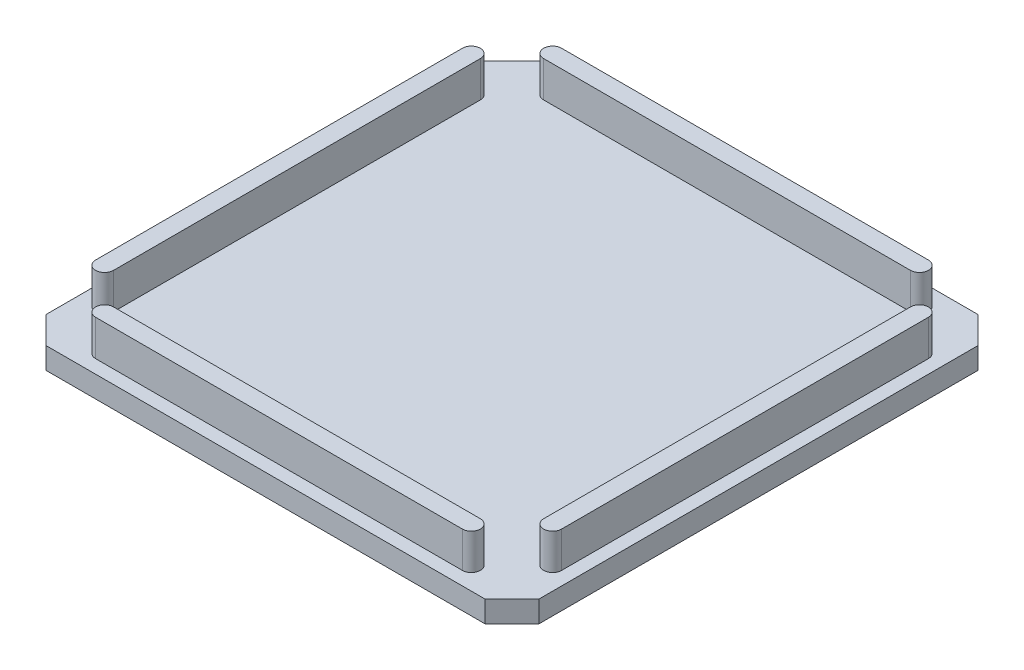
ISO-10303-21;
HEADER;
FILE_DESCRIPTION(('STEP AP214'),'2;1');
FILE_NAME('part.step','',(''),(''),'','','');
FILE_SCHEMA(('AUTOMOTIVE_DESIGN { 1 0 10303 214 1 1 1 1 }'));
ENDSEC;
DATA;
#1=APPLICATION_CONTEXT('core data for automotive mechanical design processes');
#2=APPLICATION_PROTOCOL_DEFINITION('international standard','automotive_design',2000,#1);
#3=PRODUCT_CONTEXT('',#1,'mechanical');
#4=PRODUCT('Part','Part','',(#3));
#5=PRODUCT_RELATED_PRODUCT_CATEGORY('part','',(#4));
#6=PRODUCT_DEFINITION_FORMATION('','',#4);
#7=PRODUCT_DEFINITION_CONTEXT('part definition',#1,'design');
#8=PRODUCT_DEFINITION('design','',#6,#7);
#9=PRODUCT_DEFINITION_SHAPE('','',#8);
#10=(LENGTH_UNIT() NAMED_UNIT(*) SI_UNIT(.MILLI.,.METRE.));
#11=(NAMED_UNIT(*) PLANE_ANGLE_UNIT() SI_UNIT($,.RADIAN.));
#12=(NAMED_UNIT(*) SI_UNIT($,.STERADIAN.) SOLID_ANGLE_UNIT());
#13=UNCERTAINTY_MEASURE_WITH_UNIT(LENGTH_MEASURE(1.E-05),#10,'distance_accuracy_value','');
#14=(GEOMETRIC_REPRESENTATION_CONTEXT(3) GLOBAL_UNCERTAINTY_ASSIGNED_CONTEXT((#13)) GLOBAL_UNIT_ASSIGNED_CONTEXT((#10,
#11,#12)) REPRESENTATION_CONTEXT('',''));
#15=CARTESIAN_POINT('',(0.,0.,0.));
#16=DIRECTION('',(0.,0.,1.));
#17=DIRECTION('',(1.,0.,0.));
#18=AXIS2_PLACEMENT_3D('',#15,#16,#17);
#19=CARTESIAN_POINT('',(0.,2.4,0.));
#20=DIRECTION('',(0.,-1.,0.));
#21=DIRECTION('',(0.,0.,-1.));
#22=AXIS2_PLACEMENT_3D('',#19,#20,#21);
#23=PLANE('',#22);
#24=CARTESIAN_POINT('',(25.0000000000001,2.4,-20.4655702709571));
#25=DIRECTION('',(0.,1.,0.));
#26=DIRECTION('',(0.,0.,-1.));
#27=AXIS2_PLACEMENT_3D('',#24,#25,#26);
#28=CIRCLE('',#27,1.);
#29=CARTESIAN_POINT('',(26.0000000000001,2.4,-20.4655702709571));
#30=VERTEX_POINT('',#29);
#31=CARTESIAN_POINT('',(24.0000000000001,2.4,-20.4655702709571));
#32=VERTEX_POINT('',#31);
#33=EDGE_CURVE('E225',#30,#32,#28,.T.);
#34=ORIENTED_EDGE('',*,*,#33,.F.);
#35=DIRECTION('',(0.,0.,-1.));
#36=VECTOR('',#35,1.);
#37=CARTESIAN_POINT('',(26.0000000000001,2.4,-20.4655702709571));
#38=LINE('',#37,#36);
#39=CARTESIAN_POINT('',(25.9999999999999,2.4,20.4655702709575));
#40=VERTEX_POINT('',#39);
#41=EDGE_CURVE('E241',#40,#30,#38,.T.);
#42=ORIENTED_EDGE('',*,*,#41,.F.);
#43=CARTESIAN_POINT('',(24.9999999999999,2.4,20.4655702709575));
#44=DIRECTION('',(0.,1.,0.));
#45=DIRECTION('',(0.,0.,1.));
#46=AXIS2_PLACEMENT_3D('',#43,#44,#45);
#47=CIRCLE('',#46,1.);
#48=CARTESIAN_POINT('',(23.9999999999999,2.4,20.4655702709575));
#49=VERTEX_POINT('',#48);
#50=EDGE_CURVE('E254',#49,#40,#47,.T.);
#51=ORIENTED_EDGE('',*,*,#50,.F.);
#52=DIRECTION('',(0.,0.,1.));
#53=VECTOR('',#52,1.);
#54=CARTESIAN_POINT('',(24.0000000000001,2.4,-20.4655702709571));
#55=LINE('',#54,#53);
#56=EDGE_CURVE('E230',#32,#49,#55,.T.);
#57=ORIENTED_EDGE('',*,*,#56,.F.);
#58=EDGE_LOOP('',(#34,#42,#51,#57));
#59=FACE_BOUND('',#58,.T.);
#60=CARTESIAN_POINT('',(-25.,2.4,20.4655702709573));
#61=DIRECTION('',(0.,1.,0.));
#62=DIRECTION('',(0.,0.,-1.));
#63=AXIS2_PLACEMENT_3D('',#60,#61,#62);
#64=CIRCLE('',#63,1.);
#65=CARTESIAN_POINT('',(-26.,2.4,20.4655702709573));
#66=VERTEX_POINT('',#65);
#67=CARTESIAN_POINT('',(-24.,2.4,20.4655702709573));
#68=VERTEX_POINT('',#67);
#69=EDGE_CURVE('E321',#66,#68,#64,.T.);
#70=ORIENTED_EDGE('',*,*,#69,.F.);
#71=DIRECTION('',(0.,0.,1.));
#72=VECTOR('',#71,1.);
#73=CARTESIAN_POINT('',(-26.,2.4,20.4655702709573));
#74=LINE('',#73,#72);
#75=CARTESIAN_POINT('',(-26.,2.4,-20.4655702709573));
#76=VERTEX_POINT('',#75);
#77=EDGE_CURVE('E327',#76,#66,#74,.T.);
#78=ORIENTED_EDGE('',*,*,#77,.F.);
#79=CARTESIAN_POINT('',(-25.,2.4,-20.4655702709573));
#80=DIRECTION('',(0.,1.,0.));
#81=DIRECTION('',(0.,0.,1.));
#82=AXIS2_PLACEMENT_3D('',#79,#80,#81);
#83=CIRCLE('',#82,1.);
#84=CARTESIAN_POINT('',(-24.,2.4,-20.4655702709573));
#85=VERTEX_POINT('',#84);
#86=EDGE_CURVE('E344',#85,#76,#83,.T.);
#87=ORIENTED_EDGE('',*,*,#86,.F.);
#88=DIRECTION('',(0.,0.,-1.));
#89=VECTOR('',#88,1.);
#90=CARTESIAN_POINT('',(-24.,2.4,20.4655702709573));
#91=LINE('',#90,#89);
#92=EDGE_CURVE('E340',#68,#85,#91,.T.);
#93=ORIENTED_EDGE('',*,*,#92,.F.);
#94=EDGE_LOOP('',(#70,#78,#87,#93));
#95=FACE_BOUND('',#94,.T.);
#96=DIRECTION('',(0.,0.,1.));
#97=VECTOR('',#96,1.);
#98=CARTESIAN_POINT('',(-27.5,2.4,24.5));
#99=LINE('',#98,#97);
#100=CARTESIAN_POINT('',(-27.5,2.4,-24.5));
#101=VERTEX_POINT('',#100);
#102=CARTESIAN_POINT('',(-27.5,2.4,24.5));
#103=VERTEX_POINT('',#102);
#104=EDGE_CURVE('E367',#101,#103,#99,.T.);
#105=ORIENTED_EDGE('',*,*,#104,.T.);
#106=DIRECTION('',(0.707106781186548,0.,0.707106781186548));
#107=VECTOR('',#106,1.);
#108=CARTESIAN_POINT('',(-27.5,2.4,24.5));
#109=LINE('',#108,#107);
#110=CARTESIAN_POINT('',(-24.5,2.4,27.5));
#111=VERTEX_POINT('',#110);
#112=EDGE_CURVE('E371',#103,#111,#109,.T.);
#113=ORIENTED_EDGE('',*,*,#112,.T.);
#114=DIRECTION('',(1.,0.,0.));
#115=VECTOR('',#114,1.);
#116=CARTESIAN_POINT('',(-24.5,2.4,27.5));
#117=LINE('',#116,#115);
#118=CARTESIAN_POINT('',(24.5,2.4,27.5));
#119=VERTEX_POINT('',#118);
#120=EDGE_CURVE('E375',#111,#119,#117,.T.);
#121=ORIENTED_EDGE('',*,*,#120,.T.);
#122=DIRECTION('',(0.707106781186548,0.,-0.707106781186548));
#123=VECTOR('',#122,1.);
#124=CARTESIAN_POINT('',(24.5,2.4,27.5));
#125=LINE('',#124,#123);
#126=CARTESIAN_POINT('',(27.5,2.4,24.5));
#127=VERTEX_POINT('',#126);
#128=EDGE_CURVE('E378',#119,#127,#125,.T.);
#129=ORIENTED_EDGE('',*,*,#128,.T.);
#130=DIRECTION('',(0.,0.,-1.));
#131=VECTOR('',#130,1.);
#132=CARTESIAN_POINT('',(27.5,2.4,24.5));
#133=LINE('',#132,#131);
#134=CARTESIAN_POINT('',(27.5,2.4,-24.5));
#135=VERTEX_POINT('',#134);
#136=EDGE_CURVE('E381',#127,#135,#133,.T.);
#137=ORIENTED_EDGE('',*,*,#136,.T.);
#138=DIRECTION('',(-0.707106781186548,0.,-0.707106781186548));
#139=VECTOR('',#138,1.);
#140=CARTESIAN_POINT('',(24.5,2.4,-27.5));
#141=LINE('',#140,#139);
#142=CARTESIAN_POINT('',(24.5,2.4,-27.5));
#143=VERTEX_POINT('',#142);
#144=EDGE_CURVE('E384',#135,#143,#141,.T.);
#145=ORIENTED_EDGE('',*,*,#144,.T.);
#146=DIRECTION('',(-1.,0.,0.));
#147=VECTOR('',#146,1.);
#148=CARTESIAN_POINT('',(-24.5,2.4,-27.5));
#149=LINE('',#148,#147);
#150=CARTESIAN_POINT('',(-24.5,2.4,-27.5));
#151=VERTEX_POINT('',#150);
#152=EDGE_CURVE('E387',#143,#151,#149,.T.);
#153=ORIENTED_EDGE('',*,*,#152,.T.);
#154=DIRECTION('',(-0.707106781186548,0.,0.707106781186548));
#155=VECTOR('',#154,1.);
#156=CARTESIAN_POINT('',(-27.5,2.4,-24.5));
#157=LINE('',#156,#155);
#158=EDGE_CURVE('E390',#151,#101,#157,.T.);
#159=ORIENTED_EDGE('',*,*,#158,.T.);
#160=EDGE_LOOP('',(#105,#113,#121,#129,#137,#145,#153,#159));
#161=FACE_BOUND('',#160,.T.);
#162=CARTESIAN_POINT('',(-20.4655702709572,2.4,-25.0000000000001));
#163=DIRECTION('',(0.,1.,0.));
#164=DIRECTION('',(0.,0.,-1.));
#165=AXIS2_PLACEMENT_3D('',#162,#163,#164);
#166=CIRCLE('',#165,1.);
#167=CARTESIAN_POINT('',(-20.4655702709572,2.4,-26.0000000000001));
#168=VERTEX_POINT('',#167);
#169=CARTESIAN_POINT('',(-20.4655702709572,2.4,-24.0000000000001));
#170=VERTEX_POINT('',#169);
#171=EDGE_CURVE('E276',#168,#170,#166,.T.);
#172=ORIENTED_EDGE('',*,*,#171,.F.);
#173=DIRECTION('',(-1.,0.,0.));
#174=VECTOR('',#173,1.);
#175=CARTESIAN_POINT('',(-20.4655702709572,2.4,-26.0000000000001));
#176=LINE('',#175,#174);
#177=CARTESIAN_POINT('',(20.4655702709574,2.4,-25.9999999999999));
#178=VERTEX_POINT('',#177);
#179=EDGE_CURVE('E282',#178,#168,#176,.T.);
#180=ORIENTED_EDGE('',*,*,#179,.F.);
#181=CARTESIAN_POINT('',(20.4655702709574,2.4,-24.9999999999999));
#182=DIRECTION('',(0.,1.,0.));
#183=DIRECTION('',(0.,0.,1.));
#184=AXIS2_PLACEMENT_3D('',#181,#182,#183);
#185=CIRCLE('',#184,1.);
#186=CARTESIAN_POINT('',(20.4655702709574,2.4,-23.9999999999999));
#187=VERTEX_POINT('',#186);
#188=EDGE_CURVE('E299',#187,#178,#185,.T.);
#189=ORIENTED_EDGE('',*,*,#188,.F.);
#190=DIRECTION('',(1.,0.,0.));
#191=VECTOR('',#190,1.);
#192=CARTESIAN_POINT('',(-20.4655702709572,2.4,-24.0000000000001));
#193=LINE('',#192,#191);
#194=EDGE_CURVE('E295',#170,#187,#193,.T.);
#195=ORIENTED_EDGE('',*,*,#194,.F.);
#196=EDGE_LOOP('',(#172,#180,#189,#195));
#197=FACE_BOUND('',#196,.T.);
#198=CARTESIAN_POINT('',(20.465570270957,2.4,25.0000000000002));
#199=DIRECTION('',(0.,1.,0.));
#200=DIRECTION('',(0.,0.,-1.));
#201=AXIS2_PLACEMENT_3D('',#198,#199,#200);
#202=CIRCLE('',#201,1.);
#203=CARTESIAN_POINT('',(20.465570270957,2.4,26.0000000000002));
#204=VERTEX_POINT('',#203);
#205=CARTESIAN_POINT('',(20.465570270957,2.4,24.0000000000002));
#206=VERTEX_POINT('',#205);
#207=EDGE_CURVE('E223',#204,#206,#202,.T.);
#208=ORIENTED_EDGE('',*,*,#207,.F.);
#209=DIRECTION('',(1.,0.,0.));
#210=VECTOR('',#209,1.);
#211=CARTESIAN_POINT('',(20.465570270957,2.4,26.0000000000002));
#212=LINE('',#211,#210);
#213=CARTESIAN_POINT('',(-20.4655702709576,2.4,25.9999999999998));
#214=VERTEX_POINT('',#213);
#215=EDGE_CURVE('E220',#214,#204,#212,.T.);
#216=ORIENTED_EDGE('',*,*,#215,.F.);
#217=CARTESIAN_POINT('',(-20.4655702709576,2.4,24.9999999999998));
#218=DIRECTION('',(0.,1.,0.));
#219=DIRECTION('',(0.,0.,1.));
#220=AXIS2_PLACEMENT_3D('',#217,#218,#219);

——————————

• **ACTIVITY**
Everything from the line with "#136=EDGE_CURVE('E381',#127,#135,#133,.T.);" through the line with "#159=ORIENTED_EDGE('',*,*,#158,.T.);" should be written out exactly as it appears above, end lines included, and nothing outside that range.

• **WRITTEN REPLY**
#136=EDGE_CURVE('E381',#127,#135,#133,.T.);
#137=ORIENTED_EDGE('',*,*,#136,.T.);
#138=DIRECTION('',(-0.707106781186548,0.,-0.707106781186548));
#139=VECTOR('',#138,1.);
#140=CARTESIAN_POINT('',(24.5,2.4,-27.5));
#141=LINE('',#140,#139);
#142=CARTESIAN_POINT('',(24.5,2.4,-27.5));
#143=VERTEX_POINT('',#142);
#144=EDGE_CURVE('E384',#135,#143,#141,.T.);
#145=ORIENTED_EDGE('',*,*,#144,.T.);
#146=DIRECTION('',(-1.,0.,0.));
#147=VECTOR('',#146,1.);
#148=CARTESIAN_POINT('',(-24.5,2.4,-27.5));
#149=LINE('',#148,#147);
#150=CARTESIAN_POINT('',(-24.5,2.4,-27.5));
#151=VERTEX_POINT('',#150);
#152=EDGE_CURVE('E387',#143,#151,#149,.T.);
#153=ORIENTED_EDGE('',*,*,#152,.T.);
#154=DIRECTION('',(-0.707106781186548,0.,0.707106781186548));
#155=VECTOR('',#154,1.);
#156=CARTESIAN_POINT('',(-27.5,2.4,-24.5));
#157=LINE('',#156,#155);
#158=EDGE_CURVE('E390',#151,#101,#157,.T.);
#159=ORIENTED_EDGE('',*,*,#158,.T.);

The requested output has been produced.